Once you’ve landed at Rome’s Fiumicino airport, take the Leonardo Express into the city. It’s not really “express” because it does stop along the way and it’s also not very fast, but it’s the only real direct way into the city without forking out loads for a taxi.
A bit of orientation
Here’s a handy map laying out all the sights mentioned above to give you an idea of where things are in Rome. Click on the markers to see the sight listed and zoom and pan around to see more of the map.
View 48 hours in Rome in a larger map
Get around in Rome
Rome is easily traversed on foot as the old medieval centre is quite compact and it’s great to just meander in the laneways discovering churches, pizza joints and large picturesque piazzas. The only thing that isn’t immediately central is the Colosseum, but it’s still walkable in 30 minutes or so from downtown. Otherwise if you need to get across town, take the metro.
Where to stay
We got a great deal on an easyJet holiday to Rome, which set us back about £200 each for 3 nights including flights, pretty decent value. As part of the package, we stayed at the Twentyone Hotel in the north part of the city within walking distance of the Vatican. It’s a bit of boutique joint, with arty looking headboards above the beds and black finishing all around.
The wifi was free and fast and we were treated to some great views over the streets below from our balcony. Showers were of the power variety and the staff were friendly and spoke great English. Breakfast wasn’t a lavish affair, but got the job done with pastries, cereal and some sliced meat. If you’re after something a little more substantial there are a few cafes opposite the hotel.
easyJet holidays make these kind of city breaks super easy to book and crack on with, It’s definitely worth checking out their deals to Rome, have a look at their packages here.
Rome isn’t too bad in terms of cash. Considering Italy is completely boned for money, they’re not trying to totally destroy you financially here. A meal will be under €20 and a beer will be about €5-€6 each. Typical European capital city prices really.
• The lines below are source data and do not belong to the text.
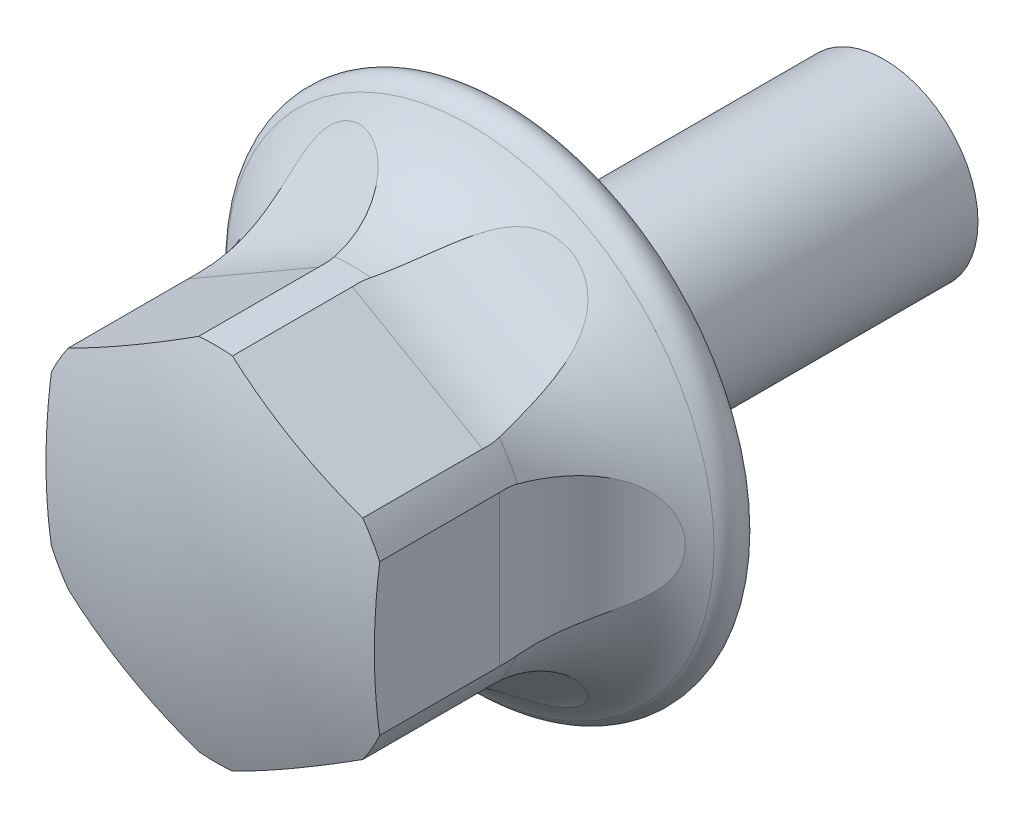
ISO-10303-21;
HEADER;
FILE_DESCRIPTION(('STEP AP214'),'2;1');
FILE_NAME('part.step','',(''),(''),'','','');
FILE_SCHEMA(('AUTOMOTIVE_DESIGN { 1 0 10303 214 1 1 1 1 }'));
ENDSEC;
DATA;
#1=APPLICATION_CONTEXT('core data for automotive mechanical design processes');
#2=APPLICATION_PROTOCOL_DEFINITION('international standard','automotive_design',2000,#1);
#3=PRODUCT_CONTEXT('',#1,'mechanical');
#4=PRODUCT('Part','Part','',(#3));
#5=PRODUCT_RELATED_PRODUCT_CATEGORY('part','',(#4));
#6=PRODUCT_DEFINITION_FORMATION('','',#4);
#7=PRODUCT_DEFINITION_CONTEXT('part definition',#1,'design');
#8=PRODUCT_DEFINITION('design','',#6,#7);
#9=PRODUCT_DEFINITION_SHAPE('','',#8);
#10=(LENGTH_UNIT() NAMED_UNIT(*) SI_UNIT(.MILLI.,.METRE.));
#11=(NAMED_UNIT(*) PLANE_ANGLE_UNIT() SI_UNIT($,.RADIAN.));
#12=(NAMED_UNIT(*) SI_UNIT($,.STERADIAN.) SOLID_ANGLE_UNIT());
#13=UNCERTAINTY_MEASURE_WITH_UNIT(LENGTH_MEASURE(1.E-05),#10,'distance_accuracy_value','');
#14=(GEOMETRIC_REPRESENTATION_CONTEXT(3) GLOBAL_UNCERTAINTY_ASSIGNED_CONTEXT((#13)) GLOBAL_UNIT_ASSIGNED_CONTEXT((#10,
#11,#12)) REPRESENTATION_CONTEXT('',''));
#15=CARTESIAN_POINT('',(0.,0.,0.));
#16=DIRECTION('',(0.,0.,1.));
#17=DIRECTION('',(1.,0.,0.));
#18=AXIS2_PLACEMENT_3D('',#15,#16,#17);
#19=CARTESIAN_POINT('',(0.,0.,0.));
#20=DIRECTION('',(0.,0.,1.));
#21=DIRECTION('',(1.,0.,0.));
#22=AXIS2_PLACEMENT_3D('',#19,#20,#21);
#23=CYLINDRICAL_SURFACE('',#22,3.85);
#24=DIRECTION('',(0.,0.,1.));
#25=VECTOR('',#24,1.);
#26=CARTESIAN_POINT('',(0.360980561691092,3.8330396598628,0.));
#27=LINE('',#26,#25);
#28=CARTESIAN_POINT('',(0.360980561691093,3.8330396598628,3.7));
#29=VERTEX_POINT('',#28);
#30=CARTESIAN_POINT('',(0.360980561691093,3.8330396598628,6.25454860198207));
#31=VERTEX_POINT('',#30);
#32=EDGE_CURVE('E285',#29,#31,#27,.T.);
#33=ORIENTED_EDGE('',*,*,#32,.F.);
#34=CARTESIAN_POINT('',(3.14133213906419,2.22587789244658,3.6));
#35=CARTESIAN_POINT('',(3.14132972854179,2.22588680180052,3.67209261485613));
#36=CARTESIAN_POINT('',(3.13772805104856,2.23099205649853,3.74427829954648));
#37=CARTESIAN_POINT('',(3.12329618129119,2.25114755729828,3.8866251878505));
#38=CARTESIAN_POINT('',(3.11244895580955,2.26622123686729,3.95678121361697));
#39=CARTESIAN_POINT('',(3.0835648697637,2.30536630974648,4.09278988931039));
#40=CARTESIAN_POINT('',(3.06554520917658,2.3294161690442,4.15865239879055));
#41=CARTESIAN_POINT('',(3.02242675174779,2.38509307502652,4.28453173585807));
#42=CARTESIAN_POINT('',(2.99733125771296,2.4167165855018,4.344551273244));
#43=CARTESIAN_POINT('',(2.93955899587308,2.48668377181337,4.45899291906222));
#44=CARTESIAN_POINT('',(2.90670406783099,2.52517918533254,4.51323167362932));
#45=CARTESIAN_POINT('',(2.834218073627,2.60627411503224,4.61347454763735));
#46=CARTESIAN_POINT('',(2.79458433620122,2.64887524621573,4.65947540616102));
#47=CARTESIAN_POINT('',(2.70521902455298,2.74020561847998,4.74668734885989));
#48=CARTESIAN_POINT('',(2.65489561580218,2.7891390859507,4.78707640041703));
#49=CARTESIAN_POINT('',(2.5477903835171,2.88730860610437,4.85760178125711));
#50=CARTESIAN_POINT('',(2.49100544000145,2.93654479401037,4.88773312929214));
#51=CARTESIAN_POINT('',(2.36485016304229,3.03930226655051,4.94098195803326));
#52=CARTESIAN_POINT('',(2.29478688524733,3.09263171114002,4.96282947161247));
#53=CARTESIAN_POINT('',(2.14930325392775,3.19545725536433,4.994345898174));
#54=CARTESIAN_POINT('',(2.07388008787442,3.2449513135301,5.0040083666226));
#55=CARTESIAN_POINT('',(1.91182641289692,3.34323636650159,5.01171324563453));
#56=CARTESIAN_POINT('',(1.82481601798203,3.39150087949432,5.00854732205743));
#57=CARTESIAN_POINT('',(1.64867265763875,3.48053494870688,4.98772705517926));
#58=CARTESIAN_POINT('',(1.55953898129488,3.52130195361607,4.97006779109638));
#59=CARTESIAN_POINT('',(1.3806473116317,3.59524964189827,4.9194149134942));
#60=CARTESIAN_POINT('',(1.29090203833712,3.62829894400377,4.88618119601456));
#61=CARTESIAN_POINT('',(1.11607614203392,3.68582821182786,4.80375685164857));
#62=CARTESIAN_POINT('',(1.03099276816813,3.71031327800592,4.75457575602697));
#63=CARTESIAN_POINT('',(0.876776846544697,3.74961025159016,4.64496546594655));
#64=CARTESIAN_POINT('',(0.806906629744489,3.76505601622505,4.58580750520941));
#65=CARTESIAN_POINT('',(0.678931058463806,3.7902259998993,4.45487866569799));
#66=CARTESIAN_POINT('',(0.620813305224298,3.79995626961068,4.38312123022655));
#67=CARTESIAN_POINT('',(0.526577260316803,3.81407903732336,4.23906105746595));
#68=CARTESIAN_POINT('',(0.488584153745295,3.81899981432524,4.16803379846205));
#69=CARTESIAN_POINT('',(0.426275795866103,3.82645839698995,4.02009144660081));
#70=CARTESIAN_POINT('',(0.401953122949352,3.8289974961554,3.94317957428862));
#71=CARTESIAN_POINT('',(0.369819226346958,3.83222761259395,3.79338854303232));
#72=CARTESIAN_POINT('',(0.36069113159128,3.83306758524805,3.72079246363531));
#73=CARTESIAN_POINT('',(0.355138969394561,3.83358665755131,3.57511986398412));
#74=CARTESIAN_POINT('',(0.358711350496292,3.83326608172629,3.50204348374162));
#75=CARTESIAN_POINT('',(0.378082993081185,3.83140185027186,3.35993726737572));
#76=CARTESIAN_POINT('',(0.393488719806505,3.82989752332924,3.29085270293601));
#77=CARTESIAN_POINT('',(0.43541385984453,3.82535691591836,3.15620987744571));
#78=CARTESIAN_POINT('',(0.461932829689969,3.82232069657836,3.09065147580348));
#79=CARTESIAN_POINT('',(0.525482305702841,3.8141059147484,2.9637516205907));
#80=CARTESIAN_POINT('',(0.562666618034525,3.80889545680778,2.90248951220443));
#81=CARTESIAN_POINT('',(0.645851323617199,3.79567451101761,2.78663451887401));
#82=CARTESIAN_POINT('',(0.691853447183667,3.78766347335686,2.73204294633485));
#83=CARTESIAN_POINT('',(0.793941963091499,3.76762742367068,2.62730956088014));
#84=CARTESIAN_POINT('',(0.850472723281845,3.75538709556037,2.57764331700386));
#85=CARTESIAN_POINT('',(0.969298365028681,3.72648654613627,2.48733296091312));
#86=CARTESIAN_POINT('',(1.03159558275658,3.70982452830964,2.44669252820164));
#87=CARTESIAN_POINT('',(1.16665056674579,3.66972569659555,2.37073273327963));
#88=CARTESIAN_POINT('',(1.23981909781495,3.64576027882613,2.33642416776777));
#89=CARTESIAN_POINT('',(1.38823431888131,3.59187298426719,2.27873434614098));
#90=CARTESIAN_POINT('',(1.46348205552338,3.56194805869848,2.25535870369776));
#91=CARTESIAN_POINT('',(1.62292979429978,3.49242319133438,2.21708076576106));
#92=CARTESIAN_POINT('',(1.70713440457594,3.45209709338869,2.2035101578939));
#93=CARTESIAN_POINT('',(1.87322046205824,3.36487137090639,2.18933908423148));
#94=CARTESIAN_POINT('',(1.95510068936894,3.31796836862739,2.18874530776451));
#95=CARTESIAN_POINT('',(2.1203235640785,3.21509841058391,2.20095385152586));
#96=CARTESIAN_POINT('',(2.2033417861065,3.15872083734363,2.21473059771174));
#97=CARTESIAN_POINT('',(2.36220399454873,3.04174621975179,2.25758442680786));
#98=CARTESIAN_POINT('',(2.43804730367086,2.9811487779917,2.28666295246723));
#99=CARTESIAN_POINT('',(2.57902416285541,2.85999818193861,2.3599068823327));
#100=CARTESIAN_POINT('',(2.64434850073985,2.79947059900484,2.40374408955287));
#101=CARTESIAN_POINT('',(2.76433887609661,2.68104952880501,2.50686671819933));
#102=CARTESIAN_POINT('',(2.81901589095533,2.62315337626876,2.56613608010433));
#103=CARTESIAN_POINT('',(2.9109311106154,2.52055788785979,2.69208328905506));
#104=CARTESIAN_POINT('',(2.94942597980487,2.47510744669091,2.75722909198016));
#105=CARTESIAN_POINT('',(3.01615970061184,2.39334071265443,2.89778338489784));
#106=CARTESIAN_POINT('',(3.0444018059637,2.35702152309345,2.97318860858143));
#107=CARTESIAN_POINT('',(3.08744702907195,2.30027918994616,3.12193102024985));
#108=CARTESIAN_POINT('',(3.10347518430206,2.27845103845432,3.19438350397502));
#109=CARTESIAN_POINT('',(3.12728289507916,2.24566806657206,3.3428671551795));
#110=CARTESIAN_POINT('',(3.13508644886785,2.23468161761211,3.41888723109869));
#111=CARTESIAN_POINT('',(3.14049004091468,2.22706492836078,3.53018309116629));
#112=CARTESIAN_POINT('',(3.14133330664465,2.2258735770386,3.56508062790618));
#113=CARTESIAN_POINT('',(3.14133213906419,2.22587789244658,3.6));
#114=B_SPLINE_CURVE_WITH_KNOTS('',3,(#34,#35,#36,#37,#38,#39,#40,#41,#42,#43,#44,#45,#46,#47,
#48,#49,#50,#51,#52,#53,#54,#55,#56,#57,#58,#59,#60,#61,#62,#63,#64,#65,#66,#67,#68,#69,#70,#71,
#72,#73,#74,#75,#76,#77,#78,#79,#80,#81,#82,#83,#84,#85,#86,#87,#88,#89,#90,#91,#92,#93,#94,#95,
#96,#97,#98,#99,#100,#101,#102,#103,#104,#105,#106,#107,#108,#109,#110,#111,#112,#113),
.UNSPECIFIED.,.T.,.F.,(4,2,2,2,2,2,2,2,2,2,2,2,2,2,2,2,2,2,2,2,2,2,2,2,2,2,2,2,2,2,2,2,2,2,2,2,
2,2,2,4),(0.,0.216172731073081,0.432855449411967,0.64902164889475,0.865087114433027,
1.08670191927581,1.3084042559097,1.55036947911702,1.79245203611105,2.06348945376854,
2.33467016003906,2.63195985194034,2.92935052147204,3.23148484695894,3.5334389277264,
3.81034897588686,4.08696534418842,4.32773862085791,4.56838105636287,4.78681066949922,
5.00517920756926,5.21658420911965,5.42798077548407,5.64259400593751,5.85724939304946,
6.08501804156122,6.3128793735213,6.56473225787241,6.81671431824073,7.09854455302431,
7.38052006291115,7.68294063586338,7.9853897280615,8.28151430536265,8.57733194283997,
8.84061034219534,9.10380511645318,9.33465462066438,9.56482865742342,9.66953586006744),.UNSPECIFIED.);
#115=CARTESIAN_POINT('',(0.38626604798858,3.83057417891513,3.33));
#116=VERTEX_POINT('',#115);
#117=EDGE_CURVE('E354',#29,#116,#114,.T.);
#118=ORIENTED_EDGE('',*,*,#117,.T.);
#119=CARTESIAN_POINT('',(0.,0.,3.33));
#120=DIRECTION('',(0.,0.,1.));
#121=DIRECTION('',(1.,0.,0.));
#122=AXIS2_PLACEMENT_3D('',#119,#120,#121);
#123=CIRCLE('',#122,3.85);
#124=CARTESIAN_POINT('',(-0.386266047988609,3.83057417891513,3.33));
#125=VERTEX_POINT('',#124);
#126=EDGE_CURVE('E267',#116,#125,#123,.T.);
#127=ORIENTED_EDGE('',*,*,#126,.T.);
#128=CARTESIAN_POINT('',(-0.357000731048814,3.83341238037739,3.6));
#129=CARTESIAN_POINT('',(-0.357009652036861,3.83341474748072,3.67209261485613));
#130=CARTESIAN_POINT('',(-0.36323177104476,3.83284823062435,3.74427829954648));
#131=CARTESIAN_POINT('',(-0.387902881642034,3.83042761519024,3.8866251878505));
#132=CARTESIAN_POINT('',(-0.406380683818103,3.82857048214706,3.95678121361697));
#133=CARTESIAN_POINT('',(-0.454723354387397,3.82312866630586,4.09278988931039));
#134=CARTESIAN_POINT('',(-0.484560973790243,3.8195481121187,4.15865239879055));
#135=CARTESIAN_POINT('',(-0.554337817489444,3.81004488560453,4.28453173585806));
#136=CARTESIAN_POINT('',(-0.594272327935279,3.80412330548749,4.34455127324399));
#137=CARTESIAN_POINT('',(-0.683751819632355,3.78907465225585,4.45899291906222));
#138=CARTESIAN_POINT('',(-0.733517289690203,3.77986915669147,4.51323167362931));
#139=CARTESIAN_POINT('',(-0.839990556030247,3.75764190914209,4.61347454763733));
#140=CARTESIAN_POINT('',(-0.896701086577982,3.74461865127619,4.65947540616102));
#141=CARTESIAN_POINT('',(-1.02047816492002,3.71289120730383,4.74668734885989));
#142=CARTESIAN_POINT('',(-1.08801749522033,3.69377659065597,4.78707640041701));
#143=CARTESIAN_POINT('',(-1.22658740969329,3.65010549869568,4.85760178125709));
#144=CARTESIAN_POINT('',(-1.29761967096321,3.62554638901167,4.88773312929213));
#145=CARTESIAN_POINT('',(-1.44968789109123,3.56767145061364,4.94098195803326));
#146=CARTESIAN_POINT('',(-1.53090418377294,3.53365959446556,4.96282947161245));
#147=CARTESIAN_POINT('',(-1.69269553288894,3.45907984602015,4.99434589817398));
#148=CARTESIAN_POINT('',(-1.77327022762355,3.41850849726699,5.0040083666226));
#149=CARTESIAN_POINT('',(-1.9394144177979,3.3273084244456,5.01171324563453));
#150=CARTESIAN_POINT('',(-2.02471790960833,3.27608746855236,5.00854732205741));
#151=CARTESIAN_POINT('',(-2.18989535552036,3.16805987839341,4.98772705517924));
#152=CARTESIAN_POINT('',(-2.26976745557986,3.1112513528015,4.97006779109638));
#153=CARTESIAN_POINT('',(-2.42325386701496,2.99330046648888,4.9194149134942));
#154=CARTESIAN_POINT('',(-2.49674803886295,2.93210343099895,4.88618119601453));
#155=CARTESIAN_POINT('',(-2.63398279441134,2.80946439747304,4.80375685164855));
#156=CARTESIAN_POINT('',(-2.69772917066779,2.7480225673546,4.75457575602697));
#157=CARTESIAN_POINT('',(-2.80886930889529,2.6341161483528,4.64496546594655));
#158=CARTESIAN_POINT('',(-2.85718084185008,2.58132964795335,4.5858075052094));
#159=CARTESIAN_POINT('',(-2.94296647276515,2.48308454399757,4.45487866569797));
#160=CARTESIAN_POINT('',(-2.98045201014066,2.43761822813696,4.38312123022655));
#161=CARTESIAN_POINT('',(-3.03980070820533,2.36306880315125,4.23906105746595));
#162=CARTESIAN_POINT('',(-3.06305877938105,2.33262619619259,4.16803379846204));
#163=CARTESIAN_POINT('',(-3.10067228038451,2.28239486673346,4.0200914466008));
#164=CARTESIAN_POINT('',(-3.11503254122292,2.26260036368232,3.94317957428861));
#165=CARTESIAN_POINT('',(-3.13389685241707,2.23638665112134,3.79338854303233));
#166=CARTESIAN_POINT('',(-3.13918833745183,2.22890147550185,3.72079246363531));
#167=CARTESIAN_POINT('',(-3.14241394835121,2.22435269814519,3.57511986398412));
#168=CARTESIAN_POINT('',(-3.14035013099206,2.22728618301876,3.50204348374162));
#169=CARTESIAN_POINT('',(-3.12904983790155,2.24313040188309,3.35993726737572));
#170=CARTESIAN_POINT('',(-3.12004418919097,2.25571998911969,3.29085270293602));
#171=CARTESIAN_POINT('',(-3.09514933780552,2.2897579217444,3.15620987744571));
#172=CARTESIAN_POINT('',(-3.0792604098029,2.31120591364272,3.09065147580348));
#173=CARTESIAN_POINT('',(-3.04037146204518,2.36213398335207,2.9637516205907));
#174=CARTESIAN_POINT('',(-3.0172669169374,2.39173131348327,2.90248951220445));
#175=CARTESIAN_POINT('',(-2.96422488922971,2.45716090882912,2.78663451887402));
#176=CARTESIAN_POINT('',(-2.93428606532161,2.49299439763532,2.73204294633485));
#177=CARTESIAN_POINT('',(-2.86589007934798,2.57138762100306,2.62730956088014));
#178=CARTESIAN_POINT('',(-2.82702426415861,2.614224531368,2.57764331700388));
#179=CARTESIAN_POINT('',(-2.7425828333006,2.7026802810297,2.48733296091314));
#180=CARTESIAN_POINT('',(-2.69700449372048,2.74830024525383,2.44669252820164));
#181=CARTESIAN_POINT('',(-2.5947503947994,2.84521187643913,2.37073273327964));
#182=CARTESIAN_POINT('',(-2.5374114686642,2.89659497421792,2.33642416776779));
#183=CARTESIAN_POINT('',(-2.41653609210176,2.99818267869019,2.278734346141));
#184=CARTESIAN_POINT('',(-2.35299647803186,3.04838666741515,2.25535870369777));
#185=CARTESIAN_POINT('',(-2.21306230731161,3.15171002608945,2.21708076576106));
#186=CARTESIAN_POINT('',(-2.13603657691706,3.20447030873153,2.20351015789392));
#187=CARTESIAN_POINT('',(-1.9774538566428,3.30469219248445,2.1893390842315));
#188=CARTESIAN_POINT('',(-1.89589455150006,3.35215104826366,2.18874530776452));
#189=CARTESIAN_POINT('',(-1.7241951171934,3.44380327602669,2.20095385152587));
#190=CARTESIAN_POINT('',(-1.6338615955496,3.48751037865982,2.21473059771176));
#191=CARTESIAN_POINT('',(-1.45312750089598,3.56660177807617,2.25758442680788));
#192=CARTESIAN_POINT('',(-1.36272692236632,3.60198528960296,2.28666295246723));
#193=CARTESIAN_POINT('',(-1.18731899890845,3.66349953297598,2.3599068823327));
#194=CARTESIAN_POINT('',(-1.10223840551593,3.68980827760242,2.40374408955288));
#195=CARTESIAN_POINT('',(-0.939687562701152,3.73451245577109,2.50686671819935));
#196=CARTESIAN_POINT('',(-0.862209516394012,3.75291606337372,2.56613608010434));
#197=CARTESIAN_POINT('',(-0.727401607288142,3.78121923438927,2.69208328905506));
#198=CARTESIAN_POINT('',(-0.668792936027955,3.79183154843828,2.75722909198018));
#199=CARTESIAN_POINT('',(-0.56461400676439,3.80874127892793,2.89778338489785));
#200=CARTESIAN_POINT('',(-0.519039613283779,3.81504006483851,2.97318860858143));
#201=CARTESIAN_POINT('',(-0.448376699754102,3.82394715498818,3.12193102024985));
#202=CARTESIAN_POINT('',(-0.421458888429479,3.82691386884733,3.19438350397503));
#203=CARTESIAN_POINT('',(-0.381164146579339,3.83114046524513,3.34286715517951));
#204=CARTESIAN_POINT('',(-0.367747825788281,3.83240531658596,3.41888723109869));
#205=CARTESIAN_POINT('',(-0.35844978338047,3.83327661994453,3.53018309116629));
#206=CARTESIAN_POINT('',(-0.356996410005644,3.83341123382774,3.56508062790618));
#207=CARTESIAN_POINT('',(-0.357000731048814,3.83341238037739,3.6));
#208=B_SPLINE_CURVE_WITH_KNOTS('',3,(#128,#129,#130,#131,#132,#133,#134,#135,#136,#137,#138,
#139,#140,#141,#142,#143,#144,#145,#146,#147,#148,#149,#150,#151,#152,#153,#154,#155,#156,#157,
#158,#159,#160,#161,#162,#163,#164,#165,#166,#167,#168,#169,#170,#171,#172,#173,#174,#175,#176,
#177,#178,#179,#180,#181,#182,#183,#184,#185,#186,#187,#188,#189,#190,#191,#192,#193,#194,#195,
#196,#197,#198,#199,#200,#201,#202,#203,#204,#205,#206,#207),.UNSPECIFIED.,.T.,.F.,(4,2,2,2,2,2,
2,2,2,2,2,2,2,2,2,2,2,2,2,2,2,2,2,2,2,2,2,2,2,2,2,2,2,2,2,2,2,2,2,4),(0.,0.21617273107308,
0.432855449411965,0.649021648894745,0.865087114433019,1.0867019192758,1.30840425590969,
1.550369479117,1.79245203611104,2.06348945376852,2.33467016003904,2.63195985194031,
2.92935052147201,3.23148484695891,3.53343892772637,3.81034897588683,4.08696534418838,
4.32773862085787,4.56838105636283,4.78681066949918,5.00517920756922,5.2165842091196,
5.42798077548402,5.64259400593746,5.8572493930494,6.08501804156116,6.31287937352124,
6.56473225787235,6.81671431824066,7.09854455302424,7.38052006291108,7.68294063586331,
7.98538972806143,8.28151430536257,8.57733194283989,8.84061034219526,9.10380511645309,
9.33465462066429,9.56482865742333,9.66953586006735),.UNSPECIFIED.);
#209=CARTESIAN_POINT('',(-0.360980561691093,3.83303965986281,3.7));
#210=VERTEX_POINT('',#209);
#211=EDGE_CURVE('E377',#125,#210,#208,.T.);
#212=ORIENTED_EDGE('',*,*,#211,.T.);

Really, if you haven’t hit Rome yet, you’re doing yourself a massive disservice. Leading up to the trip, I was like “yeah, Rome should be cool, it’s really old and there’s tons of history and the food is good”, but this was so far off the mark once I arrived. The city just captivates you with the architecture, the history around EVERY corner and the food. Oh man THE FOOD.
Seriously, get your arse to Rome to see what is truly one of the greatest cities in the world.